To further show readers the difference between the original and optimized model PB files, we use a PB file parser to analyze those pb files.

  • Original pre-trained PB file

The PB file parser will get the call count number of different TensorFlow operations in the PB file.

Here is the table of original pre-trained pb file, The top 5 call counts hotspots are Const, Identity, Relu6, FusedBatchNorm and Conv2D.

Op_type Call Count
Const 396
Identity 386
Relu6 77
FusedBatchNorm 77
Conv2D 77
ConcatV2 10
AvgPool 7
MaxPool 5
DepthwiseConv2dNative 1


Here is the call count breakdown pie chart, and Conv2D as a heavy computation ops only takes 7.4% of call counts.
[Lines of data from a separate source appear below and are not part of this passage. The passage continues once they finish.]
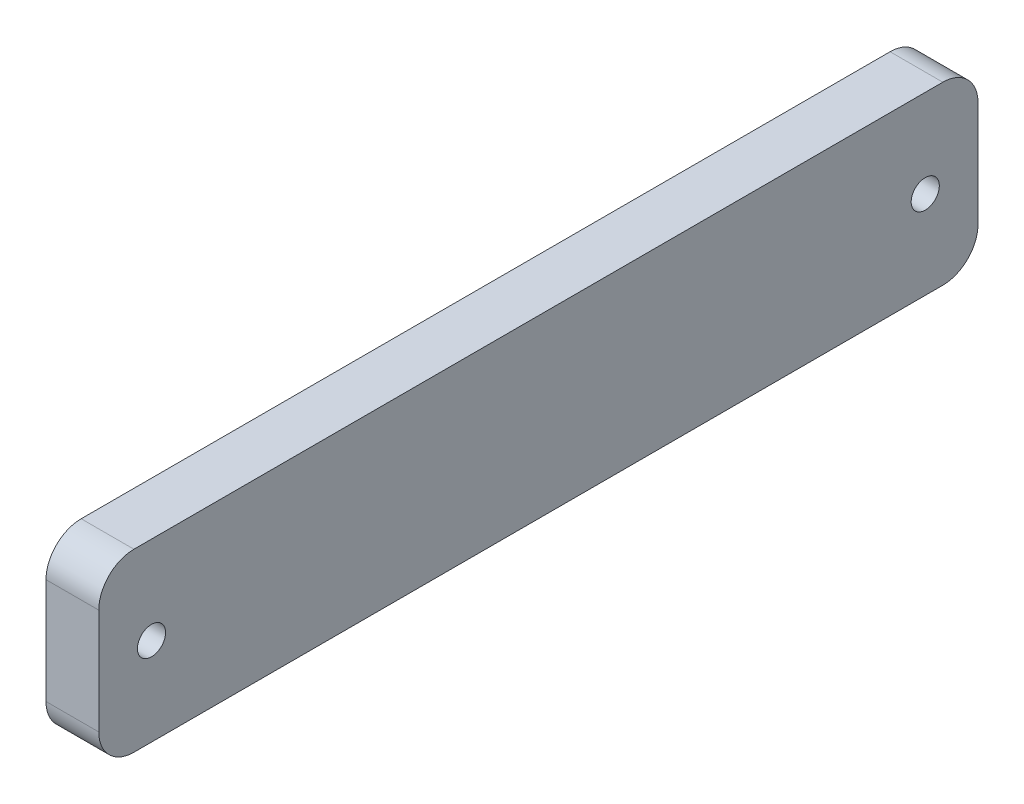
ISO-10303-21;
HEADER;
FILE_DESCRIPTION(('STEP AP214'),'2;1');
FILE_NAME('part.step','',(''),(''),'','','');
FILE_SCHEMA(('AUTOMOTIVE_DESIGN { 1 0 10303 214 1 1 1 1 }'));
ENDSEC;
DATA;
#1=APPLICATION_CONTEXT('core data for automotive mechanical design processes');
#2=APPLICATION_PROTOCOL_DEFINITION('international standard','automotive_design',2000,#1);
#3=PRODUCT_CONTEXT('',#1,'mechanical');
#4=PRODUCT('Part','Part','',(#3));
#5=PRODUCT_RELATED_PRODUCT_CATEGORY('part','',(#4));
#6=PRODUCT_DEFINITION_FORMATION('','',#4);
#7=PRODUCT_DEFINITION_CONTEXT('part definition',#1,'design');
#8=PRODUCT_DEFINITION('design','',#6,#7);
#9=PRODUCT_DEFINITION_SHAPE('','',#8);
#10=(LENGTH_UNIT() NAMED_UNIT(*) SI_UNIT(.MILLI.,.METRE.));
#11=(NAMED_UNIT(*) PLANE_ANGLE_UNIT() SI_UNIT($,.RADIAN.));
#12=(NAMED_UNIT(*) SI_UNIT($,.STERADIAN.) SOLID_ANGLE_UNIT());
#13=UNCERTAINTY_MEASURE_WITH_UNIT(LENGTH_MEASURE(1.E-05),#10,'distance_accuracy_value','');
#14=(GEOMETRIC_REPRESENTATION_CONTEXT(3) GLOBAL_UNCERTAINTY_ASSIGNED_CONTEXT((#13)) GLOBAL_UNIT_ASSIGNED_CONTEXT((#10,
#11,#12)) REPRESENTATION_CONTEXT('',''));
#15=CARTESIAN_POINT('',(0.,0.,0.));
#16=DIRECTION('',(0.,0.,1.));
#17=DIRECTION('',(1.,0.,0.));
#18=AXIS2_PLACEMENT_3D('',#15,#16,#17);
#19=CARTESIAN_POINT('',(3.,0.,0.));
#20=DIRECTION('',(1.,0.,0.));
#21=DIRECTION('',(0.,0.,-1.));
#22=AXIS2_PLACEMENT_3D('',#19,#20,#21);
#23=PLANE('',#22);
#24=CARTESIAN_POINT('',(3.,0.,22.));
#25=DIRECTION('',(1.,0.,0.));
#26=DIRECTION('',(0.,0.,-1.));
#27=AXIS2_PLACEMENT_3D('',#24,#25,#26);
#28=CIRCLE('',#27,0.799999999999999);
#29=CARTESIAN_POINT('',(3.,0.,21.2));
#30=VERTEX_POINT('',#29);
#31=EDGE_CURVE('E130',#30,#30,#28,.T.);
#32=ORIENTED_EDGE('',*,*,#31,.F.);
#33=EDGE_LOOP('',(#32));
#34=FACE_BOUND('',#33,.T.);
#35=DIRECTION('',(0.,0.,-1.));
#36=VECTOR('',#35,1.);
#37=CARTESIAN_POINT('',(3.,-5.,25.));
#38=LINE('',#37,#36);
#39=CARTESIAN_POINT('',(3.,-5.,23.));
#40=VERTEX_POINT('',#39);
#41=CARTESIAN_POINT('',(3.,-5.,-23.));
#42=VERTEX_POINT('',#41);
#43=EDGE_CURVE('E139',#40,#42,#38,.T.);
#44=ORIENTED_EDGE('',*,*,#43,.T.);
#45=CARTESIAN_POINT('',(3.,-3.,-23.));
#46=DIRECTION('',(1.,0.,0.));
#47=DIRECTION('',(0.,0.,-1.));
#48=AXIS2_PLACEMENT_3D('',#45,#46,#47);
#49=CIRCLE('',#48,2.);
#50=CARTESIAN_POINT('',(3.,-3.,-25.));
#51=VERTEX_POINT('',#50);
#52=EDGE_CURVE('E158',#42,#51,#49,.T.);
#53=ORIENTED_EDGE('',*,*,#52,.T.);
#54=DIRECTION('',(0.,1.,0.));
#55=VECTOR('',#54,1.);
#56=CARTESIAN_POINT('',(3.,5.,-25.));
#57=LINE('',#56,#55);
#58=CARTESIAN_POINT('',(3.,3.,-25.));
#59=VERTEX_POINT('',#58);
#60=EDGE_CURVE('E122',#51,#59,#57,.T.);
#61=ORIENTED_EDGE('',*,*,#60,.T.);
#62=CARTESIAN_POINT('',(3.,3.,-23.));
#63=DIRECTION('',(1.,0.,0.));
#64=DIRECTION('',(0.,0.,-1.));
#65=AXIS2_PLACEMENT_3D('',#62,#63,#64);
#66=CIRCLE('',#65,2.);
#67=CARTESIAN_POINT('',(3.,5.,-23.));
#68=VERTEX_POINT('',#67);
#69=EDGE_CURVE('E156',#59,#68,#66,.T.);
#70=ORIENTED_EDGE('',*,*,#69,.T.);
#71=DIRECTION('',(0.,0.,1.));
#72=VECTOR('',#71,1.);
#73=CARTESIAN_POINT('',(3.,5.,25.));
#74=LINE('',#73,#72);
#75=CARTESIAN_POINT('',(3.,5.,23.));
#76=VERTEX_POINT('',#75);
#77=EDGE_CURVE('E178',#68,#76,#74,.T.);
#78=ORIENTED_EDGE('',*,*,#77,.T.);
#79=CARTESIAN_POINT('',(3.,3.,23.));
#80=DIRECTION('',(1.,0.,0.));
#81=DIRECTION('',(0.,0.,-1.));
#82=AXIS2_PLACEMENT_3D('',#79,#80,#81);
#83=CIRCLE('',#82,2.);
#84=CARTESIAN_POINT('',(3.,3.,25.));
#85=VERTEX_POINT('',#84);
#86=EDGE_CURVE('E57',#76,#85,#83,.T.);
#87=ORIENTED_EDGE('',*,*,#86,.T.);
#88=DIRECTION('',(0.,-1.,0.));
#89=VECTOR('',#88,1.);
#90=CARTESIAN_POINT('',(3.,5.,25.));
#91=LINE('',#90,#89);
#92=CARTESIAN_POINT('',(3.,-3.,25.));
#93=VERTEX_POINT('',#92);
#94=EDGE_CURVE('E168',#85,#93,#91,.T.);
#95=ORIENTED_EDGE('',*,*,#94,.T.);
#96=CARTESIAN_POINT('',(3.,-3.,23.));
#97=DIRECTION('',(1.,0.,0.));
#98=DIRECTION('',(0.,0.,-1.));
#99=AXIS2_PLACEMENT_3D('',#96,#97,#98);
#100=CIRCLE('',#99,2.);
#101=EDGE_CURVE('E154',#93,#40,#100,.T.);
#102=ORIENTED_EDGE('',*,*,#101,.T.);
#103=EDGE_LOOP('',(#44,#53,#61,#70,#78,#87,#95,#102));
#104=FACE_BOUND('',#103,.T.);
#105=CARTESIAN_POINT('',(3.,0.,-22.));
#106=DIRECTION('',(1.,0.,0.));
#107=DIRECTION('',(0.,0.,1.));
#108=AXIS2_PLACEMENT_3D('',#105,#106,#107);
#109=CIRCLE('',#108,0.799999999999999);
#110=CARTESIAN_POINT('',(3.,0.,-21.2));
#111=VERTEX_POINT('',#110);
#112=EDGE_CURVE('E183',#111,#111,#109,.T.);
#113=ORIENTED_EDGE('',*,*,#112,.F.);
#114=EDGE_LOOP('',(#113));
#115=FACE_BOUND('',#114,.T.);
#116=ADVANCED_FACE('F37',(#34,#104,#115),#23,.T.);
#117=CARTESIAN_POINT('',(0.,0.,0.));
#118=DIRECTION('',(1.,0.,0.));
#119=DIRECTION('',(0.,0.,-1.));
#120=AXIS2_PLACEMENT_3D('',#117,#118,#119);
#121=PLANE('',#120);
#122=DIRECTION('',(0.,1.,0.));
#123=VECTOR('',#122,1.);
#124=CARTESIAN_POINT('',(0.,5.,-25.));
#125=LINE('',#124,#123);
#126=CARTESIAN_POINT('',(0.,-3.,-25.));
#127=VERTEX_POINT('',#126);
#128=CARTESIAN_POINT('',(0.,3.,-25.));
#129=VERTEX_POINT('',#128);
#130=EDGE_CURVE('E119',#127,#129,#125,.T.);
#131=ORIENTED_EDGE('',*,*,#130,.F.);
#132=CARTESIAN_POINT('',(0.,-3.,-23.));
#133=DIRECTION('',(1.,0.,0.));
#134=DIRECTION('',(0.,0.,-1.));
#135=AXIS2_PLACEMENT_3D('',#132,#133,#134);
#136=CIRCLE('',#135,2.);
#137=CARTESIAN_POINT('',(0.,-5.,-23.));
#138=VERTEX_POINT('',#137);
#139=EDGE_CURVE('E102',#127,#138,#136,.F.);
#140=ORIENTED_EDGE('',*,*,#139,.T.);
#141=DIRECTION('',(0.,0.,-1.));
#142=VECTOR('',#141,1.);
#143=CARTESIAN_POINT('',(0.,-5.,25.));
#144=LINE('',#143,#142);
#145=CARTESIAN_POINT('',(0.,-5.,23.));
#146=VERTEX_POINT('',#145);
#147=EDGE_CURVE('E143',#146,#138,#144,.T.);
#148=ORIENTED_EDGE('',*,*,#147,.F.);
#149=CARTESIAN_POINT('',(0.,-3.,23.));
#150=DIRECTION('',(1.,0.,0.));
#151=DIRECTION('',(0.,0.,-1.));
#152=AXIS2_PLACEMENT_3D('',#149,#150,#151);
#153=CIRCLE('',#152,2.);
#154=CARTESIAN_POINT('',(0.,-3.,25.));
#155=VERTEX_POINT('',#154);
#156=EDGE_CURVE('E147',#146,#155,#153,.F.);
#157=ORIENTED_EDGE('',*,*,#156,.T.);
#158=DIRECTION('',(0.,-1.,0.));
#159=VECTOR('',#158,1.);
#160=CARTESIAN_POINT('',(0.,5.,25.));
#161=LINE('',#160,#159);
#162=CARTESIAN_POINT('',(0.,3.,25.));
#163=VERTEX_POINT('',#162);
#164=EDGE_CURVE('E133',#163,#155,#161,.T.);
#165=ORIENTED_EDGE('',*,*,#164,.F.);
#166=CARTESIAN_POINT('',(0.,3.,23.));
#167=DIRECTION('',(1.,0.,0.));
#168=DIRECTION('',(0.,0.,-1.));
#169=AXIS2_PLACEMENT_3D('',#166,#167,#168);
#170=CIRCLE('',#169,2.);
#171=CARTESIAN_POINT('',(0.,5.,23.));
#172=VERTEX_POINT('',#171);
#173=EDGE_CURVE('E123',#163,#172,#170,.F.);
#174=ORIENTED_EDGE('',*,*,#173,.T.);
#175=DIRECTION('',(0.,0.,1.));
#176=VECTOR('',#175,1.);
#177=CARTESIAN_POINT('',(0.,5.,25.));
#178=LINE('',#177,#176);
#179=CARTESIAN_POINT('',(0.,5.,-23.));
#180=VERTEX_POINT('',#179);
#181=EDGE_CURVE('E129',#180,#172,#178,.T.);
#182=ORIENTED_EDGE('',*,*,#181,.F.);
#183=CARTESIAN_POINT('',(0.,3.,-23.));
#184=DIRECTION('',(1.,0.,0.));
#185=DIRECTION('',(0.,0.,-1.));
#186=AXIS2_PLACEMENT_3D('',#183,#184,#185);
#187=CIRCLE('',#186,2.);
#188=EDGE_CURVE('E113',#180,#129,#187,.F.);
#189=ORIENTED_EDGE('',*,*,#188,.T.);
#190=EDGE_LOOP('',(#131,#140,#148,#157,#165,#174,#182,#189));
#191=FACE_BOUND('',#190,.T.);
#192=CARTESIAN_POINT('',(0.,0.,22.));
#193=DIRECTION('',(1.,0.,0.));
#194=DIRECTION('',(0.,0.,-1.));
#195=AXIS2_PLACEMENT_3D('',#192,#193,#194);
#196=CIRCLE('',#195,0.799999999999999);
#197=CARTESIAN_POINT('',(0.,0.,21.2));
#198=VERTEX_POINT('',#197);
#199=EDGE_CURVE('E136',#198,#198,#196,.T.);
#200=ORIENTED_EDGE('',*,*,#199,.T.);
#201=EDGE_LOOP('',(#200));
#202=FACE_BOUND('',#201,.T.);
#203=CARTESIAN_POINT('',(0.,0.,-22.));
#204=DIRECTION('',(1.,0.,0.));
#205=DIRECTION('',(0.,0.,1.));
#206=AXIS2_PLACEMENT_3D('',#203,#204,#205);
#207=CIRCLE('',#206,0.799999999999999);
#208=CARTESIAN_POINT('',(0.,0.,-21.2));
#209=VERTEX_POINT('',#208);
#210=EDGE_CURVE('E185',#209,#209,#207,.T.);
#211=ORIENTED_EDGE('',*,*,#210,.T.);
#212=EDGE_LOOP('',(#211));
#213=FACE_BOUND('',#212,.T.);
#214=ADVANCED_FACE('F126',(#191,#202,#213),#121,.F.);
#215=CARTESIAN_POINT('',(3.,5.,-25.));
#216=DIRECTION('',(0.,0.,1.));
#217=DIRECTION('',(1.,0.,0.));
#218=AXIS2_PLACEMENT_3D('',#215,#216,#217);
#219=PLANE('',#218);
#220=ORIENTED_EDGE('',*,*,#60,.F.);
#221=DIRECTION('',(-1.,0.,0.));
#222=VECTOR('',#221,1.);
#223=CARTESIAN_POINT('',(3.,-3.,-25.));
#224=LINE('',#223,#222);
#225=EDGE_CURVE('E106',#51,#127,#224,.T.);
#226=ORIENTED_EDGE('',*,*,#225,.T.);
#227=ORIENTED_EDGE('',*,*,#130,.T.);
#228=DIRECTION('',(-1.,0.,0.));
#229=VECTOR('',#228,1.);
#230=CARTESIAN_POINT('',(3.,3.,-25.));
#231=LINE('',#230,#229);
#232=EDGE_CURVE('E124',#129,#59,#231,.F.);
#233=ORIENTED_EDGE('',*,*,#232,.T.);
#234=EDGE_LOOP('',(#220,#226,#227,#233));
#235=FACE_BOUND('',#234,.T.);
#236=ADVANCED_FACE('F118',(#235),#219,.F.);
#237=CARTESIAN_POINT('',(3.,5.,25.));
#238=DIRECTION('',(0.,-1.,0.));
#239=DIRECTION('',(0.,0.,-1.));
#240=AXIS2_PLACEMENT_3D('',#237,#238,#239);
#241=PLANE('',#240);
#242=ORIENTED_EDGE('',*,*,#77,.F.);
#243=DIRECTION('',(-1.,0.,0.));
#244=VECTOR('',#243,1.);
#245=CARTESIAN_POINT('',(3.,5.,-23.));
#246=LINE('',#245,#244);
#247=EDGE_CURVE('E162',#68,#180,#246,.T.);
#248=ORIENTED_EDGE('',*,*,#247,.T.);
#249=ORIENTED_EDGE('',*,*,#181,.T.);
#250=DIRECTION('',(-1.,0.,0.));
#251=VECTOR('',#250,1.);
#252=CARTESIAN_POINT('',(3.,5.,23.));
#253=LINE('',#252,#251);
#254=EDGE_CURVE('E160',#172,#76,#253,.F.);
#255=ORIENTED_EDGE('',*,*,#254,.T.);
#256=EDGE_LOOP('',(#242,#248,#249,#255));
#257=FACE_BOUND('',#256,.T.);
#258=ADVANCED_FACE('F210',(#257),#241,.F.);
#259=CARTESIAN_POINT('',(3.,5.,25.));
#260=DIRECTION('',(0.,0.,-1.));
#261=DIRECTION('',(-1.,0.,0.));
#262=AXIS2_PLACEMENT_3D('',#259,#260,#261);
#263=PLANE('',#262);
#264=ORIENTED_EDGE('',*,*,#164,.T.);
#265=DIRECTION('',(-1.,0.,0.));
#266=VECTOR('',#265,1.);
#267=CARTESIAN_POINT('',(3.,-3.,25.));
#268=LINE('',#267,#266);
#269=EDGE_CURVE('E11',#155,#93,#268,.F.);
#270=ORIENTED_EDGE('',*,*,#269,.T.);
#271=ORIENTED_EDGE('',*,*,#94,.F.);
#272=DIRECTION('',(-1.,0.,0.));
#273=VECTOR('',#272,1.);
#274=CARTESIAN_POINT('',(3.,3.,25.));
#275=LINE('',#274,#273);
#276=EDGE_CURVE('E45',#85,#163,#275,.T.);
#277=ORIENTED_EDGE('',*,*,#276,.T.);
#278=EDGE_LOOP('',(#264,#270,#271,#277));
#279=FACE_BOUND('',#278,.T.);
#280=ADVANCED_FACE('F167',(#279),#263,.F.);
#281=CARTESIAN_POINT('',(3.,-5.,25.));
#282=DIRECTION('',(0.,1.,0.));
#283=DIRECTION('',(0.,0.,1.));
#284=AXIS2_PLACEMENT_3D('',#281,#282,#283);
#285=PLANE('',#284);
#286=ORIENTED_EDGE('',*,*,#147,.T.);
#287=DIRECTION('',(-1.,0.,0.));
#288=VECTOR('',#287,1.);
#289=CARTESIAN_POINT('',(3.,-5.,-23.));
#290=LINE('',#289,#288);
#291=EDGE_CURVE('E107',#138,#42,#290,.F.);
#292=ORIENTED_EDGE('',*,*,#291,.T.);
#293=ORIENTED_EDGE('',*,*,#43,.F.);
#294=DIRECTION('',(-1.,0.,0.));
#295=VECTOR('',#294,1.);
#296=CARTESIAN_POINT('',(3.,-5.,23.));
#297=LINE('',#296,#295);
#298=EDGE_CURVE('E112',#40,#146,#297,.T.);
#299=ORIENTED_EDGE('',*,*,#298,.T.);
#300=EDGE_LOOP('',(#286,#292,#293,#299));
#301=FACE_BOUND('',#300,.T.);
#302=ADVANCED_FACE('F176',(#301),#285,.F.);
#303=CARTESIAN_POINT('',(3.,0.,22.));
#304=DIRECTION('',(-1.,0.,0.));
#305=DIRECTION('',(0.,0.,1.));
#306=AXIS2_PLACEMENT_3D('',#303,#304,#305);
#307=CYLINDRICAL_SURFACE('',#306,0.799999999999999);
#308=ORIENTED_EDGE('',*,*,#31,.T.);
#309=EDGE_LOOP('',(#308));
#310=FACE_BOUND('',#309,.T.);
#311=ORIENTED_EDGE('',*,*,#199,.F.);
#312=EDGE_LOOP('',(#311));
#313=FACE_BOUND('',#312,.T.);
#314=ADVANCED_FACE('F203',(#310,#313),#307,.F.);
#315=CARTESIAN_POINT('',(3.,0.,-22.));
#316=DIRECTION('',(-1.,0.,0.));
#317=DIRECTION('',(0.,0.,1.));
#318=AXIS2_PLACEMENT_3D('',#315,#316,#317);
#319=CYLINDRICAL_SURFACE('',#318,0.799999999999999);
#320=ORIENTED_EDGE('',*,*,#112,.T.);
#321=EDGE_LOOP('',(#320));
#322=FACE_BOUND('',#321,.T.);
#323=ORIENTED_EDGE('',*,*,#210,.F.);
#324=EDGE_LOOP('',(#323));
#325=FACE_BOUND('',#324,.T.);
#326=ADVANCED_FACE('F191',(#322,#325),#319,.F.);
#327=CARTESIAN_POINT('',(3.,-3.,-23.));
#328=DIRECTION('',(-1.,0.,0.));
#329=DIRECTION('',(0.,0.,1.));
#330=AXIS2_PLACEMENT_3D('',#327,#328,#329);
#331=CYLINDRICAL_SURFACE('',#330,2.);
#332=ORIENTED_EDGE('',*,*,#52,.F.);
#333=ORIENTED_EDGE('',*,*,#291,.F.);
#334=ORIENTED_EDGE('',*,*,#139,.F.);
#335=ORIENTED_EDGE('',*,*,#225,.F.);
#336=EDGE_LOOP('',(#332,#333,#334,#335));
#337=FACE_BOUND('',#336,.T.);
#338=ADVANCED_FACE('F105',(#337),#331,.T.);
#339=CARTESIAN_POINT('',(3.,3.,-23.));
#340=DIRECTION('',(-1.,0.,0.));
#341=DIRECTION('',(0.,0.,1.));
#342=AXIS2_PLACEMENT_3D('',#339,#340,#341);
#343=CYLINDRICAL_SURFACE('',#342,2.);
#344=ORIENTED_EDGE('',*,*,#69,.F.);
#345=ORIENTED_EDGE('',*,*,#232,.F.);
#346=ORIENTED_EDGE('',*,*,#188,.F.);
#347=ORIENTED_EDGE('',*,*,#247,.F.);
#348=EDGE_LOOP('',(#344,#345,#346,#347));
#349=FACE_BOUND('',#348,.T.);
#350=ADVANCED_FACE('F218',(#349),#343,.T.);
#351=CARTESIAN_POINT('',(3.,-3.,23.));
#352=DIRECTION('',(-1.,0.,0.));
#353=DIRECTION('',(0.,0.,1.));
#354=AXIS2_PLACEMENT_3D('',#351,#352,#353);
#355=CYLINDRICAL_SURFACE('',#354,2.);
#356=ORIENTED_EDGE('',*,*,#101,.F.);
#357=ORIENTED_EDGE('',*,*,#269,.F.);
#358=ORIENTED_EDGE('',*,*,#156,.F.);
#359=ORIENTED_EDGE('',*,*,#298,.F.);
#360=EDGE_LOOP('',(#356,#357,#358,#359));
#361=FACE_BOUND('',#360,.T.);
#362=ADVANCED_FACE('F173',(#361),#355,.T.);
#363=CARTESIAN_POINT('',(3.,3.,23.));
#364=DIRECTION('',(-1.,0.,0.));
#365=DIRECTION('',(0.,0.,1.));
#366=AXIS2_PLACEMENT_3D('',#363,#364,#365);
#367=CYLINDRICAL_SURFACE('',#366,2.);
#368=ORIENTED_EDGE('',*,*,#86,.F.);
#369=ORIENTED_EDGE('',*,*,#254,.F.);
#370=ORIENTED_EDGE('',*,*,#173,.F.);
#371=ORIENTED_EDGE('',*,*,#276,.F.);
#372=EDGE_LOOP('',(#368,#369,#370,#371));
#373=FACE_BOUND('',#372,.T.);
#374=ADVANCED_FACE('F39',(#373),#367,.T.);
#375=CLOSED_SHELL('',(#116,#214,#236,#258,#280,#302,#314,#326,#338,#350,#362,#374));
#376=MANIFOLD_SOLID_BREP('B2',#375);
#377=ADVANCED_BREP_SHAPE_REPRESENTATION('',(#18,#376),#14);
#378=SHAPE_DEFINITION_REPRESENTATION(#9,#377);
ENDSEC;
END-ISO-10303-21;

Therefore, we reviewed the first top four hotspots, and we found that BatchNorm indeed contains some training-specific ops as in the diagram below.

Further inference optimization for BatchNorm is needed.

  • Optimized pre-trained PB file

After inference optimization, we saw simpler BatchNorm operations as in the diagram below.
It works as a BiasAdd instead in this optimized model pb file.

Here is the table of optimized pre-trained pb file, and FusedBatchNorm is indeed optimized and replaced with BiasAdd.

Op_type Call count
Const 165
Relu6 77
BiasAdd 77
Conv2D  77
ConcatV2 10
AvgPool 7
MaxPool 5
DepthwiseConv2dNative 1

 

Here is the call count breakdown pie chart, and we also saw Conv2D as a heavy computation ops takes more percentage of call counts than original pb file.

Conclusion

By benchmarking and analyzing with the ssd_inception_v2 pre-trained model, users can understand that inference optimization is essentially for inference performance. By using the provided inference optimization method, users can easily get a good inference speedup by just modifying the pre-trained model.